### WHAT YOU SHOULD DO
Write out, word for word, the part of the listing below that opens with the line containing "[Q_grid] -> Sum3/2" and closes with the line containing "Controlled Current Source2/LConn1", keeping both of those lines and adding no others.
***
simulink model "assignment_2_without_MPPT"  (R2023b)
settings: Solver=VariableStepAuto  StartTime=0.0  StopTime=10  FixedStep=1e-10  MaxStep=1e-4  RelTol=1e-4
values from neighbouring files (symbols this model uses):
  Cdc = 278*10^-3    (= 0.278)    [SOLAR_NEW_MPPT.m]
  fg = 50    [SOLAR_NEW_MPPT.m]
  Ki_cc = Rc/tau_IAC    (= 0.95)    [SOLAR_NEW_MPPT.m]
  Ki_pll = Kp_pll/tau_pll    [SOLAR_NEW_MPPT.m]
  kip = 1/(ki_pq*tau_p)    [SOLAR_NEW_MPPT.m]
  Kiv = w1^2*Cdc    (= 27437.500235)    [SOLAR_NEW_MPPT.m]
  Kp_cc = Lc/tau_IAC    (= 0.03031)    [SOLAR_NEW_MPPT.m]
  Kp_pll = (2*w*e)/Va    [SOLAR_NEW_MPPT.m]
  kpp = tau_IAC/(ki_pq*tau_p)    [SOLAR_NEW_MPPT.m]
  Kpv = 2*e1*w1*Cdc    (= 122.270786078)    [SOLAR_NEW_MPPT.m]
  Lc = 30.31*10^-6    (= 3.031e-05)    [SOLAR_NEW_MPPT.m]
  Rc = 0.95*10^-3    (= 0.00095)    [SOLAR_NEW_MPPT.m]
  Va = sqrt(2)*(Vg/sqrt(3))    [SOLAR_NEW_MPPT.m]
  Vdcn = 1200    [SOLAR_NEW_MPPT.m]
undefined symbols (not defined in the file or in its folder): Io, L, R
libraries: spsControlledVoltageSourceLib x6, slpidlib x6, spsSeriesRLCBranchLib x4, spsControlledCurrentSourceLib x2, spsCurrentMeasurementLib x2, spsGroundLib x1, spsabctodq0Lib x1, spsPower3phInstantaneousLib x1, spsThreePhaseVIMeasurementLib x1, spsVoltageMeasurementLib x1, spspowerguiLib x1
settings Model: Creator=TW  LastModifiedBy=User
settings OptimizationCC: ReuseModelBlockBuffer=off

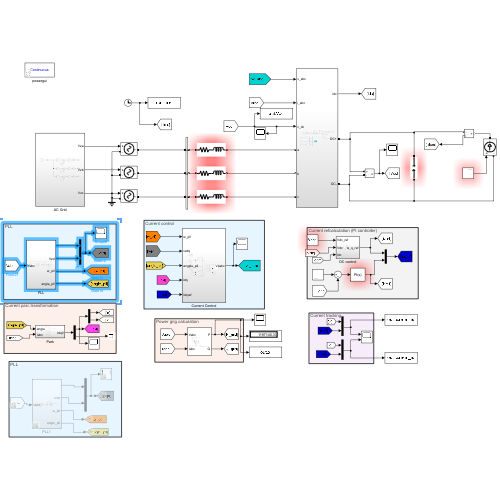
[thumbnail: Simulink's stored preview of the top-level diagram]
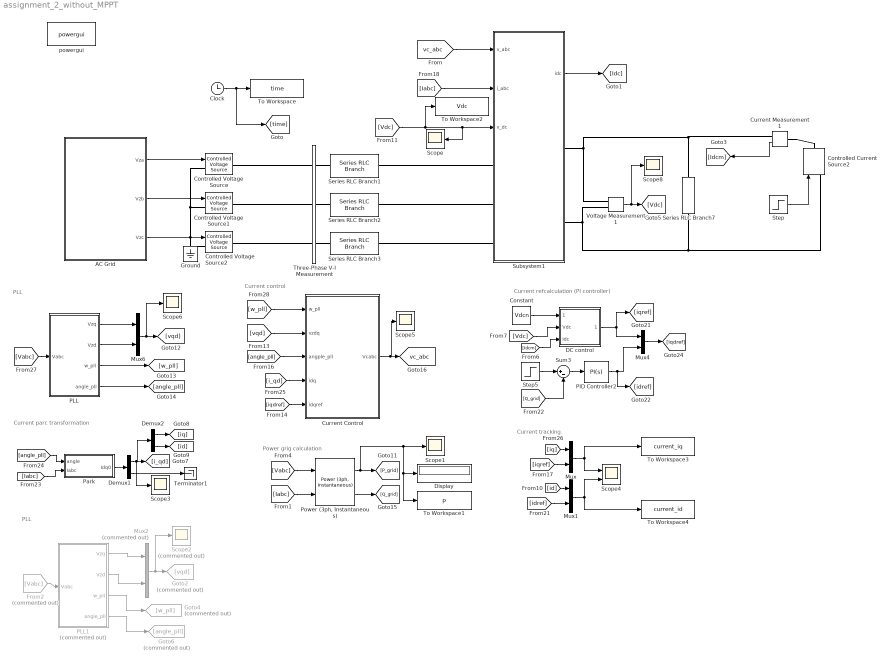
== system assignment_2_without_MPPT ==
  note: Current parc transformation
  note: PLL
  note: Power grig calculation
  note: Current control
  note: Current tracking
  note: Current refcalculation (PI controller)
  note: PLL
  AC Grid : Subsystem
  Clock : Clock
  Constant : Constant  Value=Vdcn
  Controlled Current Source2 : spsControlledCurrentSourceLib/Controlled Current Source  Initialize=on  Source_Type=AC  Amplitude=0  Phase=0  Frequency=0  Measurements=None
  Controlled Voltage Source : spsControlledVoltageSourceLib/Controlled Voltage Source  Initialize=on  Source_Type=AC  Amplitude=0  Phase=0  Frequency=0  Measurements=None
  Controlled Voltage Source1 : spsControlledVoltageSourceLib/Controlled Voltage Source  Initialize=on  Source_Type=AC  Amplitude=0  Phase=0  Frequency=0  Measurements=None
  Controlled Voltage Source2 : spsControlledVoltageSourceLib/Controlled Voltage Source  Initialize=on  Source_Type=AC  Amplitude=0  Phase=0  Frequency=0  Measurements=None
  Current Control : Subsystem
  Current Measurement1 : spsCurrentMeasurementLib/Current Measurement  PhasorSimulation=off  OutputType=Complex  PSBequivalent=0
  DC control : Subsystem
  Demux1 : Demux  Outputs=2
  Demux2 : Demux  Outputs=2
  Display : Display
      settings: Format=bank
  From2 : From  Commented=on  GotoTag=Vabc  TagVisibility=global
  Goto2 : Goto  Commented=on  GotoTag=vqd
  Goto4 : Goto  Commented=on  GotoTag=w_pll
  Goto6 : Goto  Commented=on  GotoTag=angle_pll
  Ground : spsGroundLib/Ground  LConnTagsString=a
  Mux{,1,4,6} (4 alike) : Mux  Inputs=2
  Mux2 : Mux  Commented=on  Inputs=2
  PID Controller2 : slpidlib/PID Controller  Controller=PI  Form=Parallel  TimeDomain=Continuous-time  UseExternalTs=off  SampleTime=-1  IntegratorMethod=Forward Euler  FilterMethod=Forward Euler  ControllerParametersSource=internal  P=kpp  I=kip  UseKiTs=off  D=0  N=100  UseFilter=on  TunerSelectOption=Transfer Function Based (PID Tuner App)  InitialConditionSource=internal  InitialConditionForIntegrator=0  InitialConditionForFilter=0  DifferentiatorICPrevScaledInput=0  ExternalReset=none  TrackingMode=off  Kt=1  LimitOutput=off  SatLimitsSource=internal  UpperSaturationLimit=inf  LowerSaturationLimit=-inf  LinearizeAsGain=on  AntiWindupMode=none  Kb=1  LimitIntegrator=off  UpperIntegratorSaturationLimit=inf  LowerIntegratorSaturationLimit=-inf  POutMin=[]  POutMax=[]  IOutMin=[]  IOutMax=[]  DOutMin=[]  DOutMax=[]  NOutMin=[]  NOutMax=[]  SumOutMin=[]  SumOutMax=[]  SaturationOutMin=[]  SaturationOutMax=[]  PParamMin=[]  PParamMax=[]  IParamMin=[]  IParamMax=[]  DParamMin=[]  DParamMax=[]  NParamMin=[]  NParamMax=[]  KbParamMin=[]  KbParamMax=[]  KtParamMin=[]  KtParamMax=[]  KbOutMin=[]  KbOutMax=[]  KtOutMin=[]  KtOutMax=[]  IntegratorOutMin=[]  IntegratorOutMax=[]  FilterOutMin=[]  FilterOutMax=[]  SumI1OutMin=[]  SumI1OutMax=[]  SumI2OutMin=[]  SumI2OutMax=[]  SumI3OutMin=[]  SumI3OutMax=[]  SumI4OutMin=[]  SumI4OutMax=[]  SumDOutMin=[]  SumDOutMax=[]  DifferentiatorOutMin=[]  DifferentiatorOutMax=[]  FilterDiffOutCoefMin=[]  FilterDiffOutCoefMax=[]  ReciprocalOutMin=[]  ReciprocalOutMax=[]  SumDenOutMin=[]  SumDenOutMax=[]  SumNumOutMin=[]  SumNumOutMax=[]  DivideOutMin=[]  DivideOutMax=[]  UdiffTsProdOutMin=[]  UdiffTsProdOutMax=[]  NTsProdOutMin=[]  NTsProdOutMax=[]  UintegralTsProdOutMin=[]  UintegralTsProdOutMax=[]  UngainTsProdOutMin=[]  UngainTsProdOutMax=[]  ClampingZeroOutDataTypeStr=Inherit: Inherit via back propagation  ClampingZeroOutMin=[]  ClampingZeroOutMax=[]  FilterDenConstantOutDataTypeStr=Inherit: Inherit via back propagation  FilterDenConstantOutMin=[]  FilterDenConstantOutMax=[]  PCopyOutDataTypeStr=Inherit: Inherit via back propagation  PCopyOutMin=[]  PCopyOutMax=[]  NCopyOutDataTypeStr=Inherit: Inherit via back propagation  NCopyOutMin=[]  NCopyOutMax=[]  IntegratorContinuousStateAttributes=''  IntegratorStateMustResolveToSignalObject=off  IntegratorRTWStateStorageClass=Auto  FilterContinuousStateAttributes=''  FilterStateMustResolveToSignalObject=off  FilterRTWStateStorageClass=Auto  ParallelPVariant=InternalParameters  IdealPVariant=Disabled  IVariant=InternalParameters  DVariant=Disabled  IntegratorVariant=Continuous  SatVariant=Disabled  AWVariant=Passthrough  PCopyVariant=Disabled  TRVariant=Disabled  FdbkBlocksVariant=Forward  IdealPFdbkVariant=Disabled  SatFdbkVariant=Disabled  DerivativeFilterVariant=Disabled  NVariant=Disabled  NCopyVariant=Disabled_SignalSpec  FilterICVariant=Disabled  IntegratorICVariant=InternalICs  ExternalResetVariant=Disabled  TRSumVariant=Passthrough  SumFdbkVariant=Disabled  SumVariant=Sum_PI  TsampFilterVariant=InternalTs  TsampNgainVariant=Passthrough  TsampIntegralVariant=Disabled_SignalSpec  ExternalSaturationOutDataTypeStr=Inherit: Same as second input
  PLL : Subsystem
  PLL1 : Subsystem  Commented=on
  Park : Subsystem
  "Power (3ph, Instantaneous)" : spsPower3phInstantaneousLib/Power (3ph, Instantaneous)
  Scope{,1,3,5..6,8} (6 alike) : Scope
  Scope2 : Scope  Commented=on
  Scope4 : Scope  NumInputPorts=2
  Series RLC Branch1 : spsSeriesRLCBranchLib/Series RLC Branch  LConnTagsString=__new0  RConnTagsString=__new0  BranchType=RL  Resistance=Rc  Inductance=Lc  SetiL0=off  InitialCurrent=0  Capacitance=1e-6  Setx0=off  InitialVoltage=0  Measurements=None
  Series RLC Branch2 : spsSeriesRLCBranchLib/Series RLC Branch  LConnTagsString=__new0  RConnTagsString=__new0  BranchType=RL  Resistance=Rc  Inductance=Lc  SetiL0=off  InitialCurrent=0  Capacitance=1e-6  Setx0=off  InitialVoltage=0  Measurements=None
  Series RLC Branch3 : spsSeriesRLCBranchLib/Series RLC Branch  LConnTagsString=__new0  RConnTagsString=__new0  BranchType=RL  Resistance=Rc  Inductance=Lc  SetiL0=off  InitialCurrent=0  Capacitance=1e-6  Setx0=off  InitialVoltage=0  Measurements=None
  Series RLC Branch7 : spsSeriesRLCBranchLib/Series RLC Branch  LConnTagsString=__new0  RConnTagsString=__new0  BranchType=C  Resistance=R  Inductance=L  SetiL0=off  InitialCurrent=0  Capacitance=Cdc  Setx0=on  InitialVoltage=Vdcn  Measurements=None
  Step : Step  After=Io  SampleTime=0
  Step5 : Step  Time=1.5  After=0  SampleTime=0
  Subsystem1 : Subsystem
  Sum3 : Sum  Inputs=|+-
  Terminator1 : Terminator
  Three-Phase V-I Measurement : spsThreePhaseVIMeasurementLib/Three-Phase V-I Measurement  VoltageMeasurement=phase-to-ground  SetLabelV=on  LabelV=Vabc  Vpu=off  VpuLL=off  CurrentMeasurement=yes  SetLabelI=on  LabelI=Iabc  Ipu=off  Pbase=100e6  Vbase=500e3  OutputType=Complex  PhasorSimulation=off  PSBequivalent=0
  To Workspace : ToWorkspace  VariableName=time  SampleTime=-1
  To Workspace1 : ToWorkspace  VariableName=p  SampleTime=-1
  To Workspace2 : ToWorkspace  VariableName=Vdc  SampleTime=-1
  To Workspace3 : ToWorkspace  VariableName=current_iq  SampleTime=-1
  To Workspace4 : ToWorkspace  VariableName=current_id  SampleTime=-1
  Voltage Measurement1 : spsVoltageMeasurementLib/Voltage Measurement  PhasorSimulation=off  OutputType=Complex  PSBequivalent=0
  powergui : spspowerguiLib/powergui  Priority=1  SimulationMode=Continuous  SampleTime=1e-10  frequency=60  Iterations=50  frequencyindice=0  Pbase=100e6  ErrMax=1e-4  UnitsV=kV  UnitsW=MW  buscounter=0  FunctionMessages=off  echomessages=off  EnableUseOfTLC=off  CurrentSourceSwitches=off  DisableSnubberDevices=off  DisableRonSwitches=off  DisableVfSwitches=off  DisplayEquations=off  AutomaticDiscreteSolvers=off  SolverType=Tustin/Backward Euler (TBE)  Interpol=off  ExternalGateDelay=off  methode=off  Ts=100  x0status=blocks  SPID=on  SwTol=0  HookPort=off  NonlinearTolerance=1e-4  nMaxIteration=100  ContinueOnMaxIteration=off  RestoreLinks=warning  ResistiveCurrentMeasurement=off  Frange=[0:2:500]  Ylog=off  Xlog=on  ShowGrid=off  save=off  variable=ZData  structure=0  ZoomFFT=off  StartTime=0.0  cycles=1  DisplayStyle=1  fundamental=60  FreqAxis=off  MaxFrequency=1000  frequencyindicesteady=1  RmsSteady=1  display=off
  tag scope: vc_abc=global
  wires:
  Voltage Measurement1/1 -> Scope8/1, [Vdc]
  Current Measurement1/1 -> [Idcm]
  [Iabc] -> Subsystem1/2(i_abc)
  "Power (3ph, Instantaneous)"/1 -> To Workspace1/1, Display/1, Scope1/1, [P_grid]
  [Vabc] -> "Power (3ph, Instantaneous)"/1
  Demux2/1 -> [iq]
  [angle_pll] -> Current Control/3(angple_pll)
  [i_qd] -> Current Control/4(idq)
  [idref] -> Mux1/2
  [iq] -> Mux/1
  [iqdref] -> Current Control/5(idqref)
  [vqd] -> Current Control/2(vzdq)
  PLL/2(Vzd) -> Mux6/2
  Demux1/1 -> Scope3/1, Demux2/1, [i_qd]
  [iqref] -> Mux/2
  [id] -> Mux1/1
  Demux2/2 -> [id]
  "Power (3ph, Instantaneous)"/2 -> [Q_grid]
  PLL/4(angle_pll) -> [angle_pll]
  [angle_pll] -> Park/1(angle)
  Current Control/1(Vcabc) -> Scope5/1, [vc_abc]
  [w_pll] -> Current Control/1(w_pll)
  Demux1/2 -> Terminator1/1
  [Iabc] -> "Power (3ph, Instantaneous)"/2
  [Iabc] -> Park/2(Iabc)
  Park/1(Idq0) -> Demux1/1
  [Vabc] -> PLL/1(Vabc)
  PLL/1(Vzq) -> Mux6/1
  Mux6/1 -> Scope6/1, [vqd]
  Mux1/1 -> To Workspace4/1, Scope4/2
  PLL/3(w_pll) -> [w_pll]
  Subsystem1/1(idc) -> [Idc]
  [vc_abc] -> Subsystem1/1(v_abc)
  Step/1 -> Controlled Current Source2/1
  [Vdc] -> Subsystem1/3(v_dc), Scope/1, To Workspace2/1
  Clock/1 -> [time], To Workspace/1
  Mux/1 -> To Workspace3/1, Scope4/1
  [Vdc] -> DC control/2(Vdc)
  Sum3/1 -> PID Controller2/1
  Constant/1 -> DC control/1(Vdc_ref)
  [Q_grid] -> Sum3/2
  [Idcm] -> DC control/3(Idc)
  PID Controller2/1 -> [idref], Mux4/2
  Step5/1 -> Sum3/1
  DC control/1(is_q_ref) -> [iqref], Mux4/1
  Mux4/1 -> [iqdref]
  AC Grid/1(Vza) -> Controlled Voltage Source/1
  AC Grid/2(Vzb) -> Controlled Voltage Source1/1
  AC Grid/3(Vzc) -> Controlled Voltage Source2/1
  From2/1 -> PLL1/1(Vabc)
  PLL1/3(w_pll) -> Goto4/1
  PLL1/1(Vzq) -> Mux2/1
  PLL1/2(Vzd) -> Mux2/2
  Mux2/1 -> Scope2/1, Goto2/1
  PLL1/4(angle_pll) -> Goto6/1
  connections:
  Controlled Current Source2/LConn1 -- Subsystem1/RConn2 -- Voltage Measurement1/LConn2 -- Series RLC Branch7/RConn1
  Voltage Measurement1/LConn1 -- Current Measurement1/RConn1 -- Series RLC Branch7/LConn1 -- Subsystem1/RConn1
  Current Measurement1/LConn1 -- Controlled Current Source2/RConn1
  Series RLC Branch1/RConn1 -- Subsystem1/LConn1
  Series RLC Branch3/RConn1 -- Subsystem1/LConn3
  Three-Phase V-I Measurement/LConn3 -- Series RLC Branch3/LConn1
  Series RLC Branch2/RConn1 -- Subsystem1/LConn2
  Three-Phase V-I Measurement/LConn2 -- Series RLC Branch2/LConn1
  Three-Phase V-I Measurement/LConn1 -- Series RLC Branch1/LConn1
  Controlled Voltage Source1/LConn1 -- Controlled Voltage Source/LConn1 -- Controlled Voltage Source2/LConn1 -- Ground/LConn1
  Controlled Voltage Source2/RConn1 -- Three-Phase V-I Measurement/RConn3
  Controlled Voltage Source1/RConn1 -- Three-Phase V-I Measurement/RConn2
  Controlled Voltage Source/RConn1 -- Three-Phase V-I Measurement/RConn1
***
### WRITTEN REPLY
  [Q_grid] -> Sum3/2
  [Idcm] -> DC control/3(Idc)
  PID Controller2/1 -> [idref], Mux4/2
  Step5/1 -> Sum3/1
  DC control/1(is_q_ref) -> [iqref], Mux4/1
  Mux4/1 -> [iqdref]
  AC Grid/1(Vza) -> Controlled Voltage Source/1
  AC Grid/2(Vzb) -> Controlled Voltage Source1/1
  AC Grid/3(Vzc) -> Controlled Voltage Source2/1
  From2/1 -> PLL1/1(Vabc)
  PLL1/3(w_pll) -> Goto4/1
  PLL1/1(Vzq) -> Mux2/1
  PLL1/2(Vzd) -> Mux2/2
  Mux2/1 -> Scope2/1, Goto2/1
  PLL1/4(angle_pll) -> Goto6/1
  connections:
  Controlled Current Source2/LConn1 -- Subsystem1/RConn2 -- Voltage Measurement1/LConn2 -- Series RLC Branch7/RConn1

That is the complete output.